Ama önce başbakanlığı döneminde basına yönelik davranışlarının bir özeleştirisi versin.
ELİMDE İKİ KİTAP
ÖYLE GEÇER Kİ ZAMAN: Felsefe profesörü Teoman Duralı’nın anılarının yer aldığı bu kitaba bayıldım. Keskin gözlemler, önemli tespitler, su gibi akıp giden çok ilginç bir hayat, nevi şahsına münhasır bir kişilik... Hepsi ama hepsi var kitapta... Gazeteci Ali Değirmenci sormuş, Teoman Duralı konuşmuş... Elimden düşürmeden okuyorum bu kitabı.

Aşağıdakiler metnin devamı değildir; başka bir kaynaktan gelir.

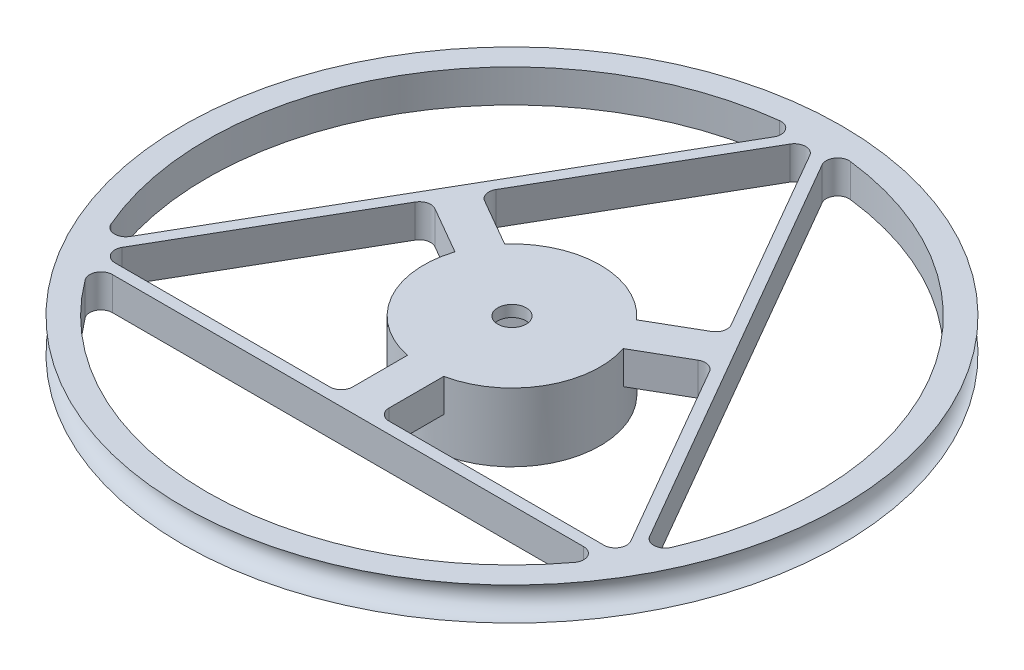
SolidWorks part; units mm, degrees
ref_plane "Front Plane" through (0, 0, 0) normal (0, 0, 1) x (1, 0, 0)
ref_plane "Top Plane" through (0, 0, 0) normal (0, 1, 0) x (1, 0, 0)
ref_plane "Right Plane" through (0, 0, 0) normal (1, 0, 0) x (0, 0, -1)
sketch "Sketch1" plane through (0, 0, 0) normal (0, 1, 0) x (1, 0, 0)
  line L0 (-1.0999, 32.1463) -> (-13.1159, 11.3339)
  line L1 (-27.2896, -17.0256) -> (-3.302, -17.0256)
  line L2 (28.3894, -15.1206) -> (16.3956, 5.6532)
  line L3 (-2.6935, 31.9261) -> (-28.9955, -13.6304)
  line L4 (2.6935, 31.9261) -> (28.9955, -13.6304)
  line L5 (-26.3021, -18.2956) -> (26.3021, -18.2956)
  line L6 (3.302, -17.0256) -> (27.2896, -17.0256)
  line L7 (-12.651, 9.5991) -> (-7.3683, 6.5491)
  line L8 (-14.683, 6.0795) -> (-9.3841, 3.0202)
  line L9 (12.6288, 9.6376) -> (7.338, 6.583)
  line L10 (9.37, 3.0634) -> (14.6608, 6.1181)
  line L11 (13.0936, 11.3724) -> (1.0999, 32.1463)
  line L12 (-2.032, -9.6464) -> (-2.032, -15.7556)
  line L13 (2.032, -15.7556) -> (2.032, -9.6464)
  line L14 (-16.4179, 5.6147) -> (-28.3894, -15.1206)
  circle A0 centre (0, 0) radius 36.7851
  arc A1 (-3.9403, 33.8225) -> (-31.2613, -13.4989) centre (0, 0) ccw
  arc A2 (-27.321, -20.3236) -> (27.321, -20.3236) centre (0, 0) ccw
  arc A3 (31.2613, -13.4989) -> (3.9403, 33.8225) centre (0, 0) ccw
  arc A4 (27.321, -20.3236) -> (26.3021, -18.2956) centre (26.3021, -19.5656) ccw
  arc A5 (27.2896, -17.0256) -> (28.3894, -15.1206) centre (27.2896, -15.7556) ccw
  arc A6 (28.9955, -13.6304) -> (31.2613, -13.4989) centre (30.0954, -12.9954) ccw
  arc A7 (-31.2613, -13.4989) -> (-28.9955, -13.6304) centre (-30.0954, -12.9954) ccw
  arc A8 (-27.321, -20.3236) -> (-26.3021, -18.2956) centre (-26.3021, -19.5656) cw
  arc A9 (-27.2896, -17.0256) -> (-28.3894, -15.1206) centre (-27.2896, -15.7556) cw
  arc A10 (1.0999, 32.1463) -> (-1.0999, 32.1463) centre (0, 31.5113) ccw
  arc A11 (2.6935, 31.9261) -> (3.9403, 33.8225) centre (3.7933, 32.5611) cw
  arc A12 (-2.6935, 31.9261) -> (-3.9403, 33.8225) centre (-3.7933, 32.5611) ccw
  arc A13 (-7.3683, 6.5491) -> (-9.3841, 3.0202) centre (0, 0) ccw
  arc A14 (-2.032, -9.6464) -> (2.032, -9.6464) centre (0, 0) ccw
  arc A15 (9.37, 3.0634) -> (7.338, 6.583) centre (0, 0) ccw
  arc A16 (3.302, -17.0256) -> (2.032, -15.7556) centre (3.302, -15.7556) cw
  arc A17 (16.3956, 5.6532) -> (14.6608, 6.1181) centre (15.2958, 5.0182) ccw
  arc A18 (13.0936, 11.3724) -> (12.6288, 9.6376) centre (11.9938, 10.7374) cw
  arc A19 (-12.651, 9.5991) -> (-13.1159, 11.3339) centre (-12.016, 10.6989) cw
  arc A20 (-14.683, 6.0795) -> (-16.4179, 5.6147) centre (-15.318, 4.9797) ccw
  arc A21 (-3.302, -17.0256) -> (-2.032, -15.7556) centre (-3.302, -15.7556) ccw
  point P12 (28.7186, -18.2956)
  point P17 (29.4893, -17.0256)
  point P20 (30.2038, -15.7232)
  point P25 (-28.7186, -18.2956)
  point P28 (-29.4893, -17.0256)
  point P31 (0, 34.0513)
  point P47 (2.032, -17.0256)
  point P55 (13.7286, 10.2726)
  point P60 (-15.7829, 6.7145)
  dimension "D1" = 1.27
  dimension "D4" = 1.27
  dimension "D5" = 4.064
  dimension "D6" = 1.27
  dimension "D8" = 1.27
  dimension "D2" = 1.27
  dimension "D3" = 1.27
  dimension "D7" = 4.064
  dimension "D9" = 4.064
extrude "Boss-Extrude1" add sketch "Sketch1" along normal blind 3.683
sketch "Sketch2" plane through (0, 0, 0) normal (0, 0, 1) x (1, 0, 0)
  line L1 (36.7851, 0) -> (36.7851, 3.683) construction
  line L2 (0, 0) -> (0, 17.4834) construction
  circle A0 centre (36.7851, 1.8415) radius 1.8415
sketch "Sketch4" plane through (0, 0, 0) normal (1, 0, 0) x (0, 0, -1)
  line L0 (0, 1.1871) -> (0, 9.1244) construction
  line L1 (0, 3.683) -> (0, 0) construction
  line L2 (0, 9.1244) -> (0, -8.0635) construction
ref_axis "Axis1" through (0, 9.1244, 0) along (0, -1, 0)
revolve "Cut-Revolve2" cut sketch "Sketch2" angle 360 about L2
sketch "Sketch5" plane through (0, 3.683, 0) normal (0, 1, 0) x (1, 0, 0)
  circle A0 centre (0, 0) radius 9.8581
extrude "Boss-Extrude2" add sketch "Sketch5" against normal blind 7.62
sketch "Sketch6" plane through (0, -3.937, 0) normal (0, -1, 0) x (1, 0, 0)
  circle A0 centre (0, 0) radius 1.5875
extrude "Cut-Extrude1" cut sketch "Sketch6" against normal through all
sketch "Sketch8" plane through (0, -3.937, 0) normal (0, -1, 0) x (1, 0, 0)
  line L1 (0, 6.35) -> (-5.4993, 3.175)
  line L2 (-5.4993, 3.175) -> (-5.4993, -3.175)
  line L3 (-5.4993, -3.175) -> (0, -6.35)
  line L4 (0, -6.35) -> (5.4993, -3.175)
  line L5 (5.4993, -3.175) -> (5.4993, 3.175)
  line L6 (5.4993, 3.175) -> (0, 6.35)
  circle A0 centre (0, 0) radius 5.4993 construction
  dimension "D1" = 6.35
extrude "Cut-Extrude3" cut sketch "Sketch8" against normal blind 6.35

TURNANIN TÜRKÜSÜ: Orta Anadolu’nun bülbülüdür Bedia Akartürk. Neşet Baba’nın hanım versiyonudur. Nasıl bir macera yaşamış, türkü dünyasına nasıl girmiş, kimlerle arkadaşlık etmiş, yükselişi nasıl olmuş? Hepsini anlatıyor “Turnanın Türküsü” kitabında... Hep merak etmişimdir Bedia Hanım’ı... Gazeteci Tolgahan Vurgun’un hazırladığı kitabı iştahla okuyorum.